= José Antonio Sossa =

Panamanian politician

José Antonio Sossa is a Panamanian politician who served as Attorney General of Panama under President Mireya Moscoso.

== Clashes with journalists ==
Sossa had several conflicts with the press, particularly the opposition newspaper La Prensa. In 2000, he filed a criminal complaint for defamation against four Prensa journalists: Peruvian investigative journalist Gustavo Gorriti, business editor Miren Gutiérrez Almazor, and journalists Monica Palm and Rolando Rodriguez. The complaint cited a series of stories the paper published in 1999 reporting that a drug trafficker had donated to one of Sossa's political campaigns. In August, Sossa ordered police to the homes of the four journalists to compel them to come to court to testify.

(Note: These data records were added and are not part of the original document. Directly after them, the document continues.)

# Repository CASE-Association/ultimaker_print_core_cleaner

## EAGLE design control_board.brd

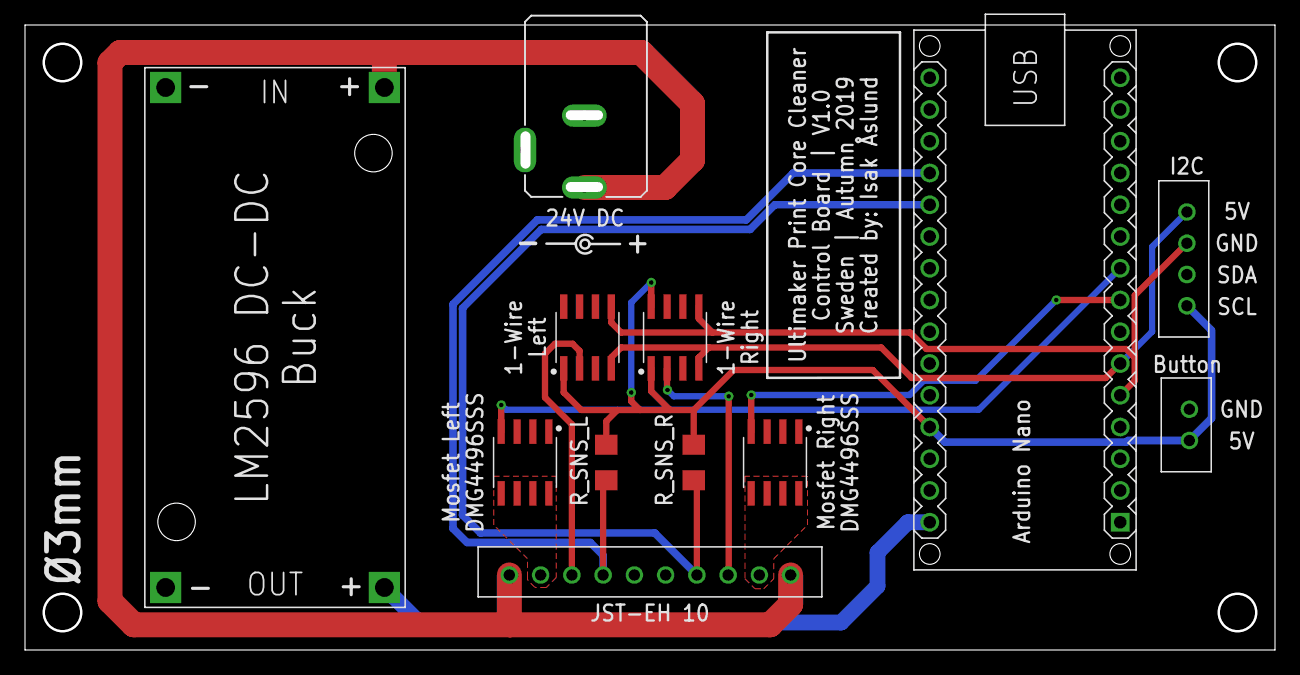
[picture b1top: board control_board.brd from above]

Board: 2 copper layers, 99.2 x 49.2 mm, 12 parts (0 on the bottom side), 14 nets.

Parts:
BUTTON: EH_B2B-EH; B2B-EH
CON1: EH_B10B-EH; B10B-EH
DC_JACK_24V: WE_694106301002
DS2482-100_L: Left; SOIC127P600X175-8N
DS2482-100_R: Right; SOIC127P600X175-8N
I2C: EH_B4B-EH; B4B-EH
M1: ARDUINO-NANO-3.0
R_SNS_L: 120Ω; R1206
R_SNS_R: 120Ω; R1206
U$1, U$2: DMG4496SSS; SOIC127P600X175-8N
U$5: DC-DC-STEP-DOWN-LM2596

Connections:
5V: BUTTON.1, DS2482-100_L.1, DS2482-100_R.1, DS2482-100_R.8, I2C.1, M1.J2.4, R_SNS_L.2, R_SNS_R.2
12V: M1.J2.1, U$5.OUT+
24V: CON1.1, CON1.10, DC_JACK_24V.1, U$5.IN+
DATA_L: CON1.3, DS2482-100_L.2
DATA_R: CON1.8, DS2482-100_R.2
GND: BUTTON.2, CON1.5, CON1.6, DC_JACK_24V.2, DC_JACK_24V.3, DS2482-100_L.3, DS2482-100_L.7, DS2482-100_L.8, DS2482-100_R.3, DS2482-100_R.7, I2C.2, M1.J1.4, M1.J2.2, U$1.1, U$1.2, U$1.3, U$2.1, U$2.2, U$2.3, U$5.IN-, U$5.OUT-
HEATER_2_L: CON1.2, U$1.5, U$1.6, U$1.7, U$1.8
HEATER_2_R: CON1.9, U$2.5, U$2.6, U$2.7, U$2.8
PT100_L: CON1.4, M1.J2.12, R_SNS_L.1
PT100_R: CON1.7, M1.J2.11, R_SNS_R.1
PWM_L: M1.J1.9, U$1.4
PWM_R: M1.J1.8, U$2.4
SCL: DS2482-100_L.4, DS2482-100_R.4, I2C.4, M1.J1.6
SDA: DS2482-100_L.5, DS2482-100_R.5, I2C.3, M1.J1.5

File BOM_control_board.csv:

Qty;Value;Device;Package;Parts;Description;VENDOR;Link
2;120;R1206;R1206;R_SNS_L, R_SNS_R;Standard Chip RESISTOR 1206 (3216 Metric);mouser;https://www.mouser.se/ProductDetail/Vishay-Dale/RCS1206120RF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
1;ARDUINO-NANO-3.0;ARDUINO-NANO-3.0;ARDUINO-NANO-3.0;M1;Arduino Nano 3.0 and compatible devices;case;-
1;DC-DC-STEP-DOWN-LM2596;DC-DC-STEP-DOWN-LM2596;DC-DC-STEP-DOWN-LM2596;U$5;DC/DC Step-Down Regulator based on LM2596-ADJ chip;case;-
2;DMG4496SSS;DMG4496SSS;SOIC127P600X175-8N;U$1, U$2;N-Channel Mosfetfor medium currents.;mouser;https://www.mouser.se/ProductDetail/Diodes-Incorporated/DMG4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
2;DS2482-100;DS2482-100;SOIC127P600X175-8N;DS2482-100_L, DS2482-100_R;DS2482-100;mouser;https://www.mouser.se/ProductDetail/Maxim-Integrated/DS2482S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
1;EH_B10B-EH;EH_B10B-EH;B10B-EH;CON1;JST EH Connector, through hole, 10 pin, top entry;case;
1;EH_B2B-EH;EH_B2B-EH;B2B-EH;BUTTON;JST EH Connector, through hole, 2 pin, top entry;case;
1;EH_B4B-EH;EH_B4B-EH;B4B-EH;I2C;JST EH Connector, through hole, 4 pin, top entry;case;
1;WE_694106301002;WE_694106301002;WE_694106301002;DC_JACK_24V;WE 694106301002, DC Power Jack;mouser;https://www.mouser.se/ProductDetail/Wurth-Elektronik/6941063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
;;;;;;;
;;;;;;;
;;;;;;;
;;;;;;;
;;;;;;;
;;;;;;;
;;;;;;;

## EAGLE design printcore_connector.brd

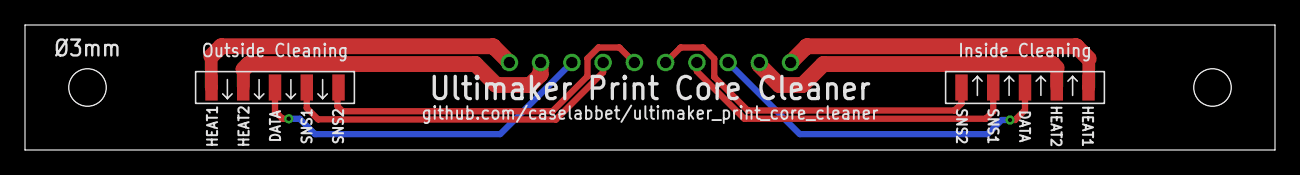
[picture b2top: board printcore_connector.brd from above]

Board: 2 copper layers, 99.9 x 9.9 mm, 3 parts (1 on the bottom side), 10 nets.

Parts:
CONNECTOR: EH_10_Side; S10B-EH
U$1, U$3: ULTIMAKER_PRINTCORE_CONNNECTOR; ULTIMAKER_PRINTCORE_CONNECTOR

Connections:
DATA_L: CONNECTOR.3, U$1.DATA
DATA_R: CONNECTOR.8, U$3.DATA
HEATER_1_L: CONNECTOR.1, U$1.HEATER@1
HEATER_1_R: CONNECTOR.10, U$3.HEATER@1
HEATER_2_L: CONNECTOR.2, U$1.HEATER@2
HEATER_2_R: CONNECTOR.9, U$3.HEATER@2
PT100_1_L: CONNECTOR.4, U$1.PT100@1
PT100_1_R: CONNECTOR.7, U$3.PT100@1
PT100_2_L: CONNECTOR.5, U$1.PT100@2
PT100_2_R: CONNECTOR.6, U$3.PT100@2

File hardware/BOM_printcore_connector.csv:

Qty;Value;Device;Package;Parts;Description;Vendor;Link
1;EH_10_Side;EH_S10B-EH;S10B-EH;CONNECTOR;JST EH Connector, through hole, 10 pin, side entry;rs components;https://se.rs-online.com/web/p/pcb-headers/5151377/
25;ULTIMAKER_PRINTCORE_CONNNECTOR;ULTIMAKER_PRINTCORE_CONNNECTOR;ULTIMAKER_PRINTCORE_CONNECTOR;U$1, U$3;Uses spring fingers 1.8H;mouser;https://www.mouser.se/ProductDetail/TE-Connectivity-AMP/2306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

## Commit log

2019-09-16 Silcscreen and 3D packages update
2019-09-16 Image and video
2019-09-18 Schematic for controlboard
2019-09-22 Final tweaks before production
2019-09-24 BOM update
2019-10-02 Folder structure update
2019-10-02 Create gitignore
2019-10-02 software structure setup
2019-10-02 .gitignore fix
2020-01-02 Program init

In May, he attempted to jail El Siglo reporter Carlos Singares for alleging that he had pressured journalists, but reversed himself after criticism by President Moscoso; the following month, he did jail Singares for eight days without trial for reporting in an article that Sossa had visited underage prostitutes. In December, he barred journalists from investigating buried human remains at a military barracks, but was again overruled by Moscoso.

In 2004, Sossa filed another defamation complaint against Prensa founder I. Roberto Eisenmann, Jr. Eisenmann had criticized Sossa's service as attorney general, stating that he had been devoted to "protecting criminals and filing charges against journalists".